We have constructed the matrix elements of the total spin squared operator for the many-body basis. The total $j$ states $\left.|j, m\right>$ are merely the eigenstates of the total spin squared operator. The CG coefficients are an analytical solution of the eigenvalue problem. In general, we obtain the total spin $j$ along with the coefficients by diagonalize the total spin operator. With the many-body matrix in hand, the diagonalization can be done numerically.
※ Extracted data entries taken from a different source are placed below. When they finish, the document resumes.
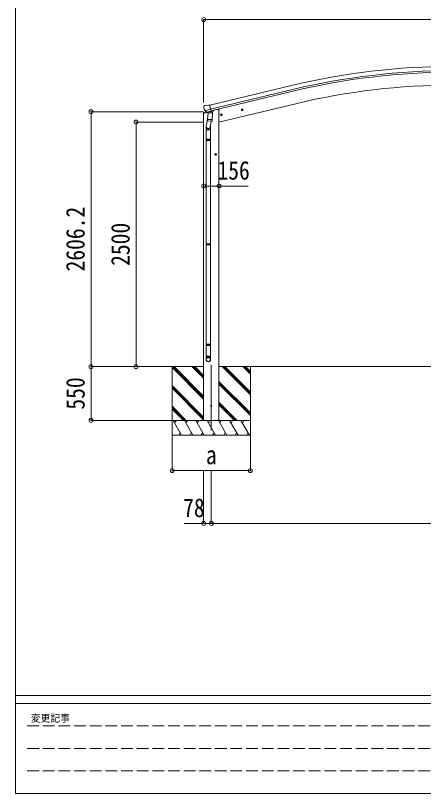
# Model space of a CAD drawing. Units: millimetres at full size, sheet at 1:40. Extents: x -11181 to 11305, y -7804 to 7716.
# Drawn here: x -11181 to -7008, y -7804 to 150 of the extents above; entities that cross this region are included whole.
import ezdxf
from ezdxf.enums import TextEntityAlignment as Align

# ---------------------------------------------------------------- set-up
doc = ezdxf.new("R2010")
doc.units = ezdxf.units.MM
doc.header["$LTSCALE"] = 40
doc.header["$PDMODE"] = 32
doc.header["$PDSIZE"] = 40
doc.linetypes.add('DASHED3', pattern=[4, 3, -1])
for name, color, linetype, lineweight in [('0-0_0', 7, 'Continuous', 9), ('0-1_本体', 4, 'Continuous', 9), ('0-2_部品', 7, 'Continuous', 9), ('0-8_PARTS2', 2, 'Continuous', 9), ('0-A_寸法', 6, 'Continuous', 9), ('F-0_240', 7, 'Continuous', 9)]:
    doc.layers.add(name, color=color, linetype=linetype, lineweight=lineweight)
doc.styles.add('ＭＳ ゴシック', font='')
doc.styles.get('ＭＳ ゴシック').set_extended_font_data('MS Gothic')

msp = doc.modelspace()

# ---------------------------------------------------------------- linework, layer by layer
at = {"layer": '0-0_0'}
for p, q in [((-9256.22, -3439.42), (-9897.72, -3439.43)), ((-9578.22, -3439.41), (-9578.22, -4139.41)), ((-9256.22, -3770.92), (-9578.22, -3448.93)), ((-9256.22, -3756.78), (-9573.58, -3439.42)), ((-9256.22, -3742.64), (-9559.44, -3439.42)), ((-9256.22, -3558.79), (-9375.6, -3439.41)), ((-9256.22, -3544.65), (-9361.46, -3439.41)), ((-9256.22, -3530.51), (-9347.32, -3439.41)), ((-9100.22, -3439.42), (-4315.2, -3439.42)), ((-8778.22, -3728.42), (-9067.23, -3439.41)), ((-8778.22, -3714.28), (-9053.09, -3439.41)), ((-8778.22, -3700.14), (-9038.95, -3439.41)), ((-8778.22, -3516.29), (-8855.1, -3439.41)), ((-8778.22, -3502.15), (-8840.96, -3439.41)), ((-8778.22, -3488.01), (-8826.82, -3439.41)), ((-8778.22, -3439.41), (-8778.22, -4139.41)), ((-9256.22, -3954.77), (-9578.22, -3632.77)), ((-9256.22, -3968.91), (-9578.22, -3646.91)), ((-8778.22, -3912.27), (-9100.22, -3590.27)), ((-8778.22, -3926.41), (-9100.22, -3604.42)), ((-8778.22, -3940.56), (-9100.22, -3618.56)), ((-9256.22, -3983.06), (-9578.22, -3661.06)), ((-8913.21, -3989.41), (-9100.22, -3802.4)), ((-8927.35, -3989.41), (-9100.22, -3816.55)), ((-9433.71, -3989.41), (-9578.22, -3844.9)), ((-9447.85, -3989.41), (-9578.22, -3859.05)), ((-9461.99, -3989.41), (-9578.22, -3873.19)), ((-8941.49, -3989.41), (-9100.22, -3830.69)), ((-9578.22, -3989.41), (-8778.22, -3989.41)), ((-9481.33, -4139.41), (-9567.93, -3989.41)), ((-9537.93, -3989.41), (-9552.93, -4015.39)), ((-9365.86, -4139.41), (-9452.46, -3989.41)), ((-9422.46, -3989.41), (-9437.46, -4015.39)), ((-9250.39, -4139.41), (-9336.99, -3989.41)), ((-9321.99, -4015.39), (-9306.99, -3989.41)), ((-9255.97, -3989.42), (-9100.47, -3989.42)), ((-9134.92, -4139.41), (-9221.52, -3989.41)), ((-9206.52, -4015.39), (-9191.52, -3989.41)), ((-9019.45, -4139.41), (-9106.05, -3989.41)), ((-9091.05, -4015.39), (-9076.05, -3989.41)), ((-8903.98, -4139.41), (-8990.58, -3989.41)), ((-8975.58, -4015.39), (-8960.58, -3989.41)), ((-8788.51, -4139.41), (-8875.11, -3989.41)), ((-8860.11, -4015.39), (-8845.11, -3989.41)), ((-9496.33, -4113.43), (-9511.33, -4139.41)), ((-9380.86, -4113.43), (-9395.86, -4139.41)), ((-9265.39, -4113.43), (-9280.39, -4139.41)), ((-9149.92, -4113.43), (-9164.92, -4139.41)), ((-9034.45, -4113.43), (-9049.45, -4139.41)), ((-8918.98, -4113.43), (-8933.97, -4139.41)), ((-8803.51, -4113.43), (-8818.51, -4139.41)), ((-8778.22, -4139.41), (-9578.22, -4139.41))]:
    msp.add_line(p, q, dxfattribs=at)
at = {"layer": '0-1_本体'}
for p, q in [((-9194.58, -765.69), (-8358.87, -565.05)), ((-9184.5, -807.66), (-8348.79, -607.03)), ((-9180.58, -824.03), (-8344.86, -623.39)), ((-9100.02, -939.41), (-8314.28, -750.77)), ((-9256.22, -3989.41), (-9256.22, -849.12)), ((-9100.22, -3989.41), (-9100.22, -810.03))]:
    msp.add_line(p, q, dxfattribs=at)
msp.add_lwpolyline([(-9100.22, -810.03), (-9120.22, -810.03), (-9153.73, -818.08)], dxfattribs=at)
for radius in [7073, 7029.83, 7013, 6882]:
    msp.add_arc((-6707.71, -7442.62), radius, 76.5, 103.5, dxfattribs=at)
at = {"layer": '0-2_部品'}
for p, q in [((-9255.96, -781.61), (-9255.69, -782.76)), ((-9251.74, -773.04), (-9255.6, -779.33)), ((-9248.65, -770.79), (-9235.46, -767.62)), ((-9220.91, -770.3), (-9234.17, -767.6)), ((-9220.91, -770.3), (-9194.97, -764.07)), ((-9258.08, -849.75), (-9215.27, -839.47)), ((-9258.08, -842.86), (-9258.08, -849.75)), ((-9229.58, -833.65), (-9255.78, -839.94)), ((-9241.91, -821.92), (-9184.4, -808.11)), ((-9225.06, -836.83), (-9241.43, -822.34)), ((-9222.35, -837.4), (-9214.83, -835.59)), ((-9221.51, -837.29), (-9219.98, -836.92)), ((-9219.98, -836.92), (-9183.28, -828.11)), ((-9218.14, -837.15), (-9218.19, -837.89)), ((-9217.44, -838.93), (-9191.62, -845.37)), ((-9210.52, -844.28), (-9215.19, -911.11)), ((-9164.83, -847.47), (-9210.52, -844.28)), ((-9208.75, -841.1), (-9208.97, -844.39)), ((-9189.23, -829.93), (-9190.25, -844.54)), ((-9183.28, -828.11), (-9181.75, -827.74)), ((-9180.19, -825.64), (-9179.25, -825.7)), ((-9179.25, -825.7), (-9165.94, -841.02)), ((-9175.57, -829.94), (-9157.36, -825.57)), ((-9169.51, -914.31), (-9164.83, -847.47)), ((-9165.94, -841.02), (-9166.38, -847.36)), ((-9153.53, -817.55), (-9153.53, -820.71)), ((-9065.76, -862.3), (-9085.21, -866.97)), ((-9082.78, -866.39), (-9080.65, -859.19)), ((-9077.62, -871.83), (-9082.78, -866.39)), ((-9080.65, -859.19), (-9073.35, -857.44)), ((-9073.15, -874.36), (-9077.82, -854.91)), ((-9073.35, -857.44), (-9068.19, -862.88)), ((-8851.84, -810.94), (-8871.29, -815.61)), ((-8868.86, -815.03), (-8866.73, -807.83)), ((-8863.69, -820.47), (-8868.86, -815.03)), ((-8866.73, -807.83), (-8859.43, -806.08)), ((-8859.23, -823), (-8863.9, -803.55)), ((-8859.43, -806.08), (-8854.26, -811.52)), ((-9213.46, -886.35), (-9229.38, -982.52)), ((-9216.05, -923.58), (-9215.18, -911.12)), ((-9215.66, -924.94), (-9215.66, -924.94)), ((-9169.51, -914.31), (-9215.19, -911.11)), ((-9214.21, -925.72), (-9172.51, -928.63)), ((-9177.94, -928.25), (-9188.67, -991.84)), ((-9169.52, -914.31), (-9170.41, -927.01)), ((-9231.53, -1019.68), (-9231.53, -985.33)), ((-9185.53, -1019.68), (-9231.53, -1019.68)), ((-9229.53, -1019.68), (-9229.53, -1113.68)), ((-9187.53, -1019.68), (-9187.53, -1113.68)), ((-9185.53, -985.02), (-9185.53, -1019.68)), ((-9231.53, -1115.68), (-9230.53, -1113.68)), ((-9185.53, -1115.68), (-9231.53, -1115.68)), ((-9185.53, -1123.68), (-9231.53, -1123.68)), ((-9186.53, -1113.68), (-9230.53, -1113.68)), ((-9186.53, -1125.68), (-9230.53, -1125.68)), ((-9229.53, -1125.68), (-9229.53, -2183.43)), ((-9187.53, -1125.68), (-9187.53, -2183.43)), ((-9185.53, -1115.68), (-9186.53, -1113.68)), ((-9185.53, -1123.68), (-9186.53, -1125.68)), ((-9185.53, -1115.68), (-9185.53, -1123.68)), ((-9124.02, -1269.55), (-9144.02, -1269.55)), ((-9141.52, -1269.55), (-9137.77, -1263.05)), ((-9137.77, -1276.05), (-9141.52, -1269.55)), ((-9137.77, -1263.05), (-9130.27, -1263.05)), ((-9134.02, -1279.55), (-9134.02, -1259.55)), ((-9130.27, -1263.05), (-9126.51, -1269.55)), ((-9231.53, -2185.43), (-9230.53, -2183.43)), ((-9185.53, -2185.43), (-9231.53, -2185.43)), ((-9185.53, -2193.43), (-9231.53, -2193.43)), ((-9186.53, -2183.43), (-9230.53, -2183.43)), ((-9186.53, -2195.43), (-9230.53, -2195.43)), ((-9229.53, -2195.43), (-9229.53, -3210.05)), ((-9187.53, -2195.43), (-9187.53, -3210.05)), ((-9185.53, -2185.43), (-9186.53, -2183.43)), ((-9185.53, -2193.43), (-9186.53, -2195.43)), ((-9185.53, -2185.43), (-9185.53, -2193.43)), ((-9231.53, -3212.05), (-9230.53, -3210.05)), ((-9185.53, -3212.05), (-9231.53, -3212.05)), ((-9185.53, -3220.05), (-9231.53, -3220.05)), ((-9186.53, -3210.05), (-9230.53, -3210.05)), ((-9186.53, -3222.05), (-9230.53, -3222.05)), ((-9229.53, -3222.05), (-9229.53, -3332.06)), ((-9187.53, -3222.05), (-9187.53, -3332.06)), ((-9185.53, -3212.05), (-9186.53, -3210.05)), ((-9185.53, -3220.05), (-9186.53, -3222.05)), ((-9185.53, -3212.05), (-9185.53, -3220.05)), ((-9231.53, -3366.2), (-9231.53, -3332.06)), ((-9185.53, -3332.06), (-9231.53, -3332.06)), ((-9185.53, -3366.2), (-9185.53, -3332.06))]:
    msp.add_line(p, q, dxfattribs=at)
for points in [[(-9189.55, -829.52), (-9179.82, -827.19), (-9194.97, -764.07)], [(-9242.18, -821.34), (-9241.59, -822.19), (-9241.43, -822.34)], [(-9189.55, -829.52), (-9189.78, -829.67), (-9214.55, -835.62), (-9214.83, -835.59)], [(-9068.19, -862.88), (-9070.32, -870.08), (-9077.62, -871.83)], [(-8854.26, -811.52), (-8856.4, -818.72), (-8863.69, -820.47)], [(-9231.53, -1115.68), (-9231.53, -1123.68), (-9230.53, -1125.68)], [(-9126.51, -1269.55), (-9130.27, -1276.05), (-9137.77, -1276.05)], [(-9231.53, -2185.43), (-9231.53, -2193.43), (-9230.53, -2195.43)], [(-9231.53, -3212.05), (-9231.53, -3220.05), (-9230.53, -3222.05)]]:
    msp.add_lwpolyline(points, dxfattribs=at)
for centre, radius in [((-9075.48, -864.63), 8.5), ((-9075.48, -864.63), 7.7), ((-9075.48, -864.63), 6.5), ((-8861.56, -813.28), 8.5), ((-8861.56, -813.28), 7.7), ((-8861.56, -813.28), 6.5), ((-9134.02, -1269.55), 8.5), ((-9134.02, -1269.55), 7.7), ((-9134.02, -1269.55), 6.5)]:
    msp.add_circle(centre, radius, dxfattribs=at)
at = {"layer": '0-2_部品', "color": 4}
msp.add_circle((-9178.22, -3839.43), 4.5, dxfattribs=at)
at = {"layer": '0-2_部品'}
for centre, radius, start, end in [((-9058.88, -735.51), 202.4, 193.5, 205.09125), ((-9247.48, -775.65), 5, 103.5, 148.5), ((-9234.76, -770.54), 3, 78.5, 103.5), ((-9255.08, -842.86), 3, 103.5, 180), ((-9221.63, -836.8), 0.5, 248.23754, 283.5), ((-9218.64, -837.11), 0.5, 356, 103.5), ((-9217.2, -837.96), 1, 176, 256), ((-9191.27, -844.4), 1.03, 250.03897, 351.96569), ((-9188.63, -830.02), 0.604, 100.59842, 172.20595), ((-9181.86, -827.26), 0.5, 283.5, 318.76246), ((-9158.53, -820.71), 5, 283.5, 0), ((-9214.11, -923.75), 1.95, 175.04017, 217.47766), ((-9214.07, -923.72), 2, 217.40962, 266), ((-9172.37, -926.64), 2, 266, 349.46843), ((-9201.53, -985.33), 30, 177.45142, 180)]:
    msp.add_arc(centre, radius, start, end, dxfattribs=at)
for centre, major_axis, ratio, start_param, end_param in [((-9253.04, -780.9), (-1.57, -2.57), 0.99628, 4.712389, 5.4996506), ((-9223.07, -834.57), (-0.73, -2.92), 0.997631, 5.8041905, 6.6006116), ((-9223.01, -834.35), (2.63, 3.16), 0.650902, 4.0958226, 4.1686332), ((-9223.04, -834.47), (-0.73, -2.92), 0.997631, 0.3902369, 0.4789948), ((-9208.53, -985.02), (23, 0), 0.996195, 2.5560258, 6.5663028), ((-9208.53, -985.02), (21, 0), 0.996195, 2.9349147, 5.9512394), ((-9208.53, -3364.45), (-23, 0), 0.996195, 3.1415927, 6.2831853), ((-9208.53, -3366.2), (-23, 0), 0.996195, 3.1415927, 6.2831853), ((-9208.53, -3366.2), (0, -23.43), 0.981806, 4.712389, 7.8539816)]:
    msp.add_ellipse(centre, major_axis=major_axis, ratio=ratio, start_param=start_param, end_param=end_param, dxfattribs=at)
msp.add_ellipse((-9208.53, -3366.2), major_axis=(21, 0), ratio=0.996195, dxfattribs=at)
at = {"layer": '0-8_PARTS2'}
msp.add_line((-9178.22, -4088.6), (-9178.22, -3419.58), dxfattribs=at)
at = {"layer": '0-8_PARTS2', "color": 6}
for p, q in [((-9256.22, -5042.82), (-9178.22, -5042.82)), ((-9178.22, -5042.82), (-4237.2, -5042.82))]:
    msp.add_line(p, q, dxfattribs=at)
at = {"layer": '0-A_寸法'}
for p, q in [((-9256.22, 109.14), (-9256.22, -737.98)), ((-9256.22, 109.14), (-4159.2, 109.14)), ((-10408.62, -833.22), (-9256.22, -833.22)), ((-10408.62, -3439.43), (-10408.62, -833.22)), ((-9256.01, -939.42), (-9948.16, -939.44)), ((-9948.16, -3439.43), (-9948.16, -939.43)), ((-9256.22, -1592.8), (-9100.22, -1592.8)), ((-9100.22, -1592.8), (-8800.22, -1592.8)), ((-10408.62, -3439.43), (-9578.22, -3439.43)), ((-10408.62, -3989.41), (-10408.62, -3439.43)), ((-9948.16, -3439.43), (-9271.7, -3439.43)), ((-10408.62, -3989.41), (-9578.22, -3989.41)), ((-9578.22, -4502.45), (-9578.22, -4145.91)), ((-8778.22, -4502.45), (-8778.22, -4145.91)), ((-9578.22, -4502.45), (-8778.22, -4502.45)), ((-9256.22, -5042.82), (-9256.22, -4502.45)), ((-9178.22, -5042.82), (-9178.22, -4502.45)), ((-9256.22, -5042.82), (-9456.22, -5042.82))]:
    msp.add_line(p, q, dxfattribs=at)
for p in [(-9256.22, 109.14), (-10408.62, -833.22), (-9948.16, -939.43), (-9256.22, -1592.8), (-9100.22, -1592.8), (-10408.62, -3439.43), (-9948.16, -3439.43), (-10408.62, -3989.41), (-9578.22, -4502.45), (-8778.22, -4502.45), (-9256.22, -5042.82), (-9178.22, -5042.82)]:
    msp.add_point(p, dxfattribs=at)
at = {"layer": 'F-0_240', "color": 5}
for p, q in [((-11180.61, 7716.46), (-11180.61, -7803.54)), ((-11180.61, -6803.54), (10739.39, -6803.54)), ((-11180.61, -6883.54), (7183.72, -6883.54)), ((-11180.61, -7803.54), (10739.39, -7803.54))]:
    msp.add_line(p, q, dxfattribs=at)
at = {"layer": 'F-0_240', "color": 4, "linetype": 'DASHED3'}
for p, q in [((-11060.61, -7113.54), (-4656.28, -7113.54)), ((-11060.61, -7343.54), (-4656.28, -7343.54)), ((-11060.61, -7573.54), (-4656.28, -7573.54))]:
    msp.add_line(p, q, dxfattribs=at)

# ---------------------------------------------------------------- texts
at = {"layer": '0-A_寸法', "color": 7, "style": 'ＭＳ ゴシック', "width": 0.85}
for s, p in [('156', (-9115.22, -1584.8)), ('a', (-9233.22, -4494.45)), ('78', (-9466.22, -5034.82))]:
    msp.add_text(s, height=190.6, dxfattribs=at).set_placement(p, align=Align.BOTTOM_LEFT)
for s, p in [('2606.2', (-10416.62, -2466.32)), ('2500', (-9956.16, -2409.43)), ('550', (-10416.62, -3879.42))]:
    msp.add_text(s, height=190.6, rotation=90, dxfattribs=at).set_placement(p, align=Align.BOTTOM_LEFT)
at = {"layer": 'F-0_240', "style": 'ＭＳ ゴシック'}
msp.add_text('変更記事', height=73.31, dxfattribs=at).set_placement((-11024.31, -7093.54), align=Align.BOTTOM_LEFT)

doc.saveas('drawing.dxf')

This method is particularly suitable for many-body system (particle number larger than 2). It is also superior in system with identical particles. In that case, the basis space shrinks to symmetric/anti-symmetric basis.

The many-body method can also be generalized to $SU(N_c)$ problem, in which the corresponding quantity is often termed as "color". The total color squared operator is the Casimir operator \[
\lambda^2 = \sum_c^{N_c^2 - 1} \sum_i \lambda^c_i \sum_j \lambda^c_j = \sum_i \sum_c^{N_c^2-1} \lambda_i^c \lambda_i^c + 2 \sum_{i<j} \sum_c^{N^2_c-1} \lambda^c_i \lambda_j^c
where $\lambda^c, c=1,2,\cdots N_c^2-1$ is the generalized Gell-Mann matrix. The matrix elements can be constructed.

It should be mentioned that another systematic method is the Young tableau.

It is also not a surprise that we are looking for irreducible representations from fundamental and/or induced representations.